## Prompt
From the line that contains "line L3 (0, 0) -> (-15.875, 0)" to the last line of the records below, retype each line exactly; leave out everything else.

==================================================

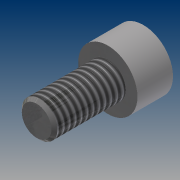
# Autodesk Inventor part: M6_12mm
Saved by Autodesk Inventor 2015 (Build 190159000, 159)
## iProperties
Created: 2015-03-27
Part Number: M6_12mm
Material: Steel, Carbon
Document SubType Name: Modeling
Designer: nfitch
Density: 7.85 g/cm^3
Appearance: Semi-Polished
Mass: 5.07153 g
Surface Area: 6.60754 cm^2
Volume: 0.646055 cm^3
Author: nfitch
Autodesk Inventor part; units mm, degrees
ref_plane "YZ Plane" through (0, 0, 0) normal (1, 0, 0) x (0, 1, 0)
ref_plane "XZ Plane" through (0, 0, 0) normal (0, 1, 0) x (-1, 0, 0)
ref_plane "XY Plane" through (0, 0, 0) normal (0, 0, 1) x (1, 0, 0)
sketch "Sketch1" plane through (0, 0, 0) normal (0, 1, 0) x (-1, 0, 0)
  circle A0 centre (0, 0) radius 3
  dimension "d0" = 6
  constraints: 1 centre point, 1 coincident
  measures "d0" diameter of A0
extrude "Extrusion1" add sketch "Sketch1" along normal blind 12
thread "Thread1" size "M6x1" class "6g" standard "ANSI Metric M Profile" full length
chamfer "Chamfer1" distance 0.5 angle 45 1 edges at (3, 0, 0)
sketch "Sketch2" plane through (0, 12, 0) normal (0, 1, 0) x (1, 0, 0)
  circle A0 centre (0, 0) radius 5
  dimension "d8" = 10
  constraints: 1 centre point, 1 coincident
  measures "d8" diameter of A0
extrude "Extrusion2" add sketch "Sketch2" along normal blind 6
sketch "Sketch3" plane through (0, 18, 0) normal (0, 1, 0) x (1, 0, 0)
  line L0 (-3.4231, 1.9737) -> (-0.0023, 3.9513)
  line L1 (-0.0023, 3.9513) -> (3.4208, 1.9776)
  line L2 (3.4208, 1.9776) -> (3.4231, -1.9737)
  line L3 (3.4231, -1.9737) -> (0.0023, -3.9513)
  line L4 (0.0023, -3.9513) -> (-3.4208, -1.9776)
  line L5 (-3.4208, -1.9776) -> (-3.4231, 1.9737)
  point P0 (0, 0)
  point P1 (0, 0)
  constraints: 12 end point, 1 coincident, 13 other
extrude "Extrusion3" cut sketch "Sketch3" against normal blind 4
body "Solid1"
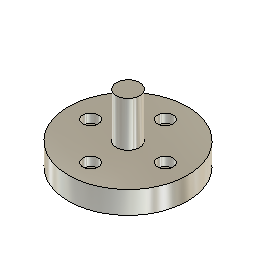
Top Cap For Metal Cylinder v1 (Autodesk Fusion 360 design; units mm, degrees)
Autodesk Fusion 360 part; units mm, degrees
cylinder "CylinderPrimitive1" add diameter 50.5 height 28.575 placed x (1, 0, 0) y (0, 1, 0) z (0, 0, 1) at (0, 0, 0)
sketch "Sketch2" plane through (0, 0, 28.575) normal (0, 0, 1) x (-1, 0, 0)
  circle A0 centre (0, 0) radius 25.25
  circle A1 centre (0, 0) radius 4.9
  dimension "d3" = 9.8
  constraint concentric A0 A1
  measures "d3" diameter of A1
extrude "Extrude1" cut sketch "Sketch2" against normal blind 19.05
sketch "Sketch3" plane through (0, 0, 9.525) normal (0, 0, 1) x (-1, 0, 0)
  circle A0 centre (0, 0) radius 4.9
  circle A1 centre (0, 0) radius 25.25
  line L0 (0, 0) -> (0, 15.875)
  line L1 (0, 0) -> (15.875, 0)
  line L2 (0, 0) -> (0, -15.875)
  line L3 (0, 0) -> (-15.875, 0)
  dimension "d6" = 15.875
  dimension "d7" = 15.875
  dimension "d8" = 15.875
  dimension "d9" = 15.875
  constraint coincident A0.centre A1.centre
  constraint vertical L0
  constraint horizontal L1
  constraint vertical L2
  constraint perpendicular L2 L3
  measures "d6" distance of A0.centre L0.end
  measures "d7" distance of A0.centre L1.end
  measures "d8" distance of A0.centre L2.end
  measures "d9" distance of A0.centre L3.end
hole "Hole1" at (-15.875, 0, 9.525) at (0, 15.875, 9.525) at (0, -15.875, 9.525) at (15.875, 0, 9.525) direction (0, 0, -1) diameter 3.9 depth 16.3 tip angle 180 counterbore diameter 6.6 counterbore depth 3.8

==================================================

## Answer area
  line L3 (0, 0) -> (-15.875, 0)
  dimension "d6" = 15.875
  dimension "d7" = 15.875
  dimension "d8" = 15.875
  dimension "d9" = 15.875
  constraint coincident A0.centre A1.centre
  constraint vertical L0
  constraint horizontal L1
  constraint vertical L2
  constraint perpendicular L2 L3
  measures "d6" distance of A0.centre L0.end
  measures "d7" distance of A0.centre L1.end
  measures "d8" distance of A0.centre L2.end
  measures "d9" distance of A0.centre L3.end
hole "Hole1" at (-15.875, 0, 9.525) at (0, 15.875, 9.525) at (0, -15.875, 9.525) at (15.875, 0, 9.525) direction (0, 0, -1) diameter 3.9 depth 16.3 tip angle 180 counterbore diameter 6.6 counterbore depth 3.8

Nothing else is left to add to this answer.